The Harvey Girls worked in the many Harvey Houses along the railroad. (Courtesy of Northern Arizona University)

The Harvey Girls worked in the many Harvey Houses along the railroad. (Courtesy of Northern Arizona University)

ALBUQUERQUE, N.M. — It’s been a few years since Katrina Parks released the documentary “The Harvey Girls: Opportunity Bound.”

Despite some time passing, Parks continues to learn more about The Harvey Girls.

PARKS: Director of documentary

PARKS: Director of documentary

“The Harvey Girls are an ongoing muse to me. It’s hard to resist them,” she says. “The stories I get to hear are great. There’s always so much to learn.”

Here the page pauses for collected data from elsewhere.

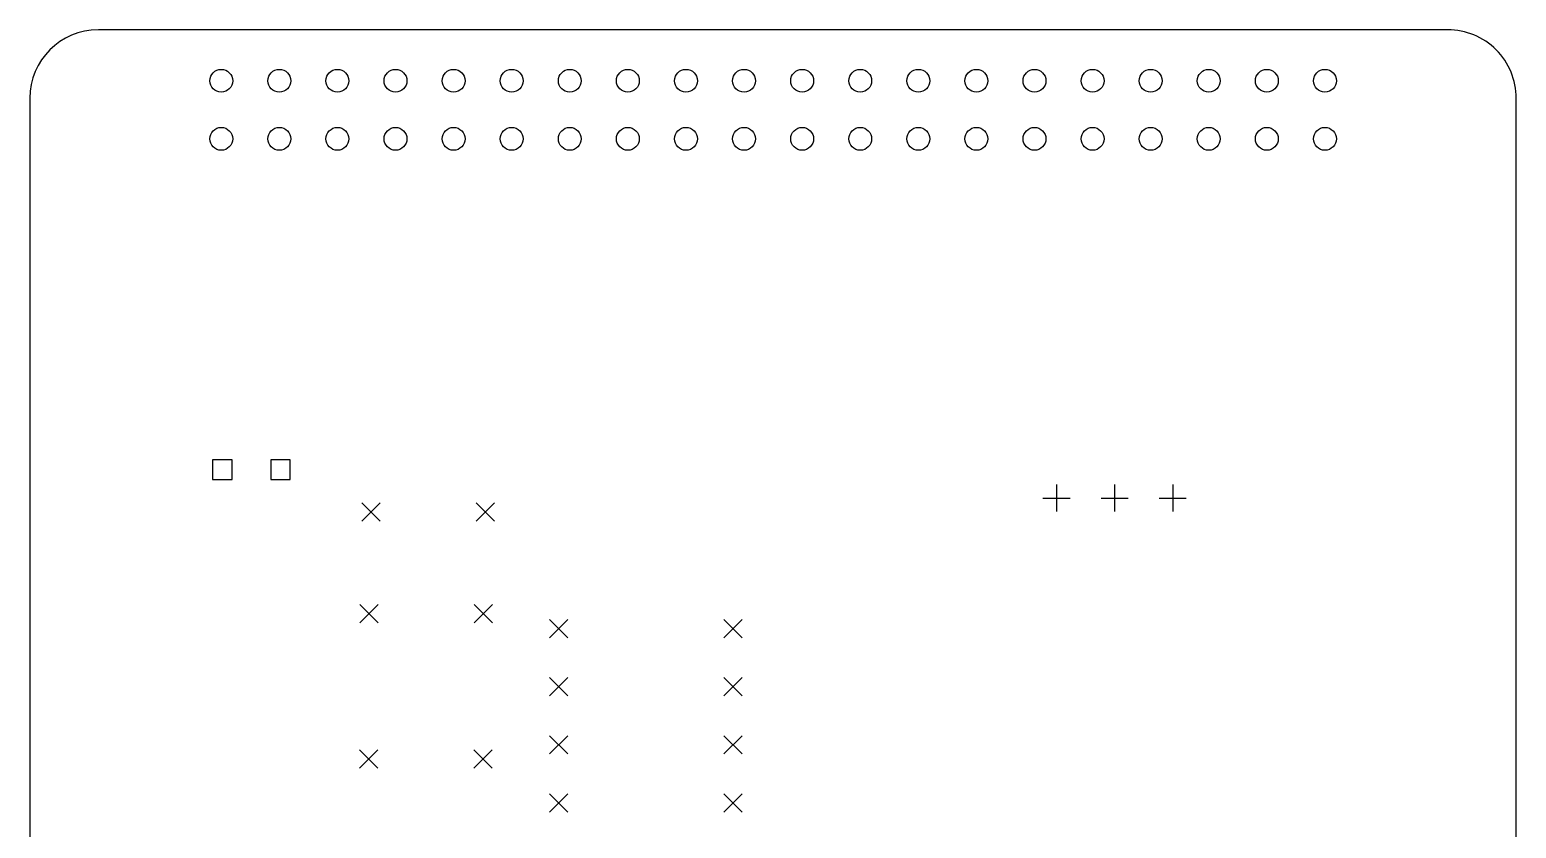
# Model space of a CAD drawing. Extents: x 77.3 to 143.5, y -132.9 to -60.8.
# Drawn here: x 78.5 to 143.5, y -95.7 to -60.8 of the extents above; entities that cross this region are included whole.
import ezdxf

# ---------------------------------------------------------------- set-up
doc = ezdxf.new("R2010")
doc.units = 0
doc.layers.add('BLACK', color=7, linetype='CONTINUOUS')

msp = doc.modelspace()

# ---------------------------------------------------------------- linework, layer by layer
at = {"layer": 'BLACK', "linetype": 'CONTINUOUS'}
for p, q in [((140.546, -60.8176), (81.5464, -60.8176)), ((78.5464, -63.8176), (78.5464, -113.818)), ((143.546, -113.823), (143.546, -63.8176)), ((87.3939, -79.6365), (86.5453, -79.6365)), ((86.5453, -79.6365), (86.5453, -80.4851)), ((87.3939, -80.4851), (87.3939, -79.6365)), ((89.9339, -79.6365), (89.0853, -79.6365)), ((89.0853, -79.6365), (89.0853, -80.4851)), ((89.9339, -80.4851), (89.9339, -79.6365)), ((86.5453, -80.4851), (87.3939, -80.4851)), ((89.0853, -80.4851), (89.9339, -80.4851)), ((123.444, -80.705), (123.444, -81.895)), ((125.984, -80.705), (125.984, -81.895)), ((128.524, -80.705), (128.524, -81.895)), ((93.072, -81.515), (93.872, -82.315)), ((93.872, -81.515), (93.072, -82.315)), ((98.072, -81.515), (98.872, -82.315)), ((98.872, -81.515), (98.072, -82.315)), ((122.849, -81.3), (124.039, -81.3)), ((125.389, -81.3), (126.579, -81.3)), ((127.929, -81.3), (129.119, -81.3)), ((92.985, -85.96), (93.785, -86.76)), ((93.785, -85.96), (92.985, -86.76)), ((97.985, -85.96), (98.785, -86.76)), ((98.785, -85.96), (97.985, -86.76)), ((101.271, -86.6148), (102.071, -87.4148)), ((102.071, -86.6148), (101.271, -87.4148)), ((108.891, -86.6148), (109.691, -87.4148)), ((109.691, -86.6148), (108.891, -87.4148)), ((101.271, -89.1548), (102.071, -89.9548)), ((102.071, -89.1548), (101.271, -89.9548)), ((108.891, -89.1548), (109.691, -89.9548)), ((109.691, -89.1548), (108.891, -89.9548)), ((101.271, -91.6948), (102.071, -92.4948)), ((102.071, -91.6948), (101.271, -92.4948)), ((108.891, -91.6948), (109.691, -92.4948)), ((109.691, -91.6948), (108.891, -92.4948)), ((92.9704, -92.31), (93.7704, -93.11)), ((93.7704, -92.31), (92.9704, -93.11)), ((97.9704, -92.31), (98.7704, -93.11)), ((98.7704, -92.31), (97.9704, -93.11)), ((101.271, -94.2348), (102.071, -95.0348)), ((102.071, -94.2348), (101.271, -95.0348)), ((108.891, -94.2348), (109.691, -95.0348)), ((109.691, -94.2348), (108.891, -95.0348))]:
    msp.add_line(p, q, dxfattribs=at)
at = {"layer": 'BLACK'}
for centre in [(86.92, -63.05), (89.46, -63.05), (92, -63.05), (94.54, -63.05), (97.08, -63.05), (99.62, -63.05), (102.16, -63.05), (104.7, -63.05), (107.24, -63.05), (109.78, -63.05), (112.32, -63.05), (114.86, -63.05), (117.4, -63.05), (119.94, -63.05), (122.48, -63.05), (125.02, -63.05), (127.56, -63.05), (130.1, -63.05), (132.64, -63.05), (135.18, -63.05), (86.92, -65.59), (89.46, -65.59), (92, -65.59), (94.54, -65.59), (97.08, -65.59), (99.62, -65.59), (102.16, -65.59), (104.7, -65.59), (107.24, -65.59), (109.78, -65.59), (112.32, -65.59), (114.86, -65.59), (117.4, -65.59), (119.94, -65.59), (122.48, -65.59), (125.02, -65.59), (127.56, -65.59), (130.1, -65.59), (132.64, -65.59), (135.18, -65.59)]:
    msp.add_circle(centre, 0.5, dxfattribs=at)
for centre, start, end in [((81.5464, -63.8176), -269.999, -180), ((140.546, -63.8176), -0.00021, 90.0008)]:
    msp.add_arc(centre, 3, start, end, dxfattribs=at)

doc.saveas('drawing.dxf')

Fred Harvey was an entrepreneur who introduced the Harvey Houses to the world. They were lunchrooms, restaurants, souvenir shops and hotels that served passengers on the Atchison, Topeka and Santa Fe Railway.

Harvey Houses were known to provide high standards of civility and dining in the Wild West.

Women moved out West to become Harvey House employees, known as Harvey Girls.

Parks will collaborate with writer Carolyn Meyer for the event at 516 Arts.

The duo will share stories and history about one of the first all-female American workforces, which started in the 1880s and ended in the 1960s.

MEYER: Book focuses on Harvey Girls

MEYER: Book focuses on Harvey Girls

Meyer is the author of “Diary of a Waitress: The Not-So-Glamorous Life of a Harvey Girl.”

The presentation will include segments from Parks’ new interviews with a diverse group of Harvey Girls whose experiences emphasize how their lives were transformed by arriving in a new place, how they created community and the importance of the Harvey Girls to New Mexico’s development and the multiculturalism of the region.

Parks’ project documents how over 100,000 railroad station waitresses opened up the American West and the workplace to women. This event delves into a historic migration of female workers and examines a history that is still relevant to today’s issues of revitalization, migration and place making.

The event is also part of 516 Arts’ “At Home in the World” exhibit and also celebrates “Women & Creativity” month.

“I thought this was a great opportunity to tell the stories of these women who moved away from their homes to become a Harvey Girl,” she says. “And their stories don’t end there. Many of the women moved on to full careers. It was a successful time for women, and the stories are amazing to share.”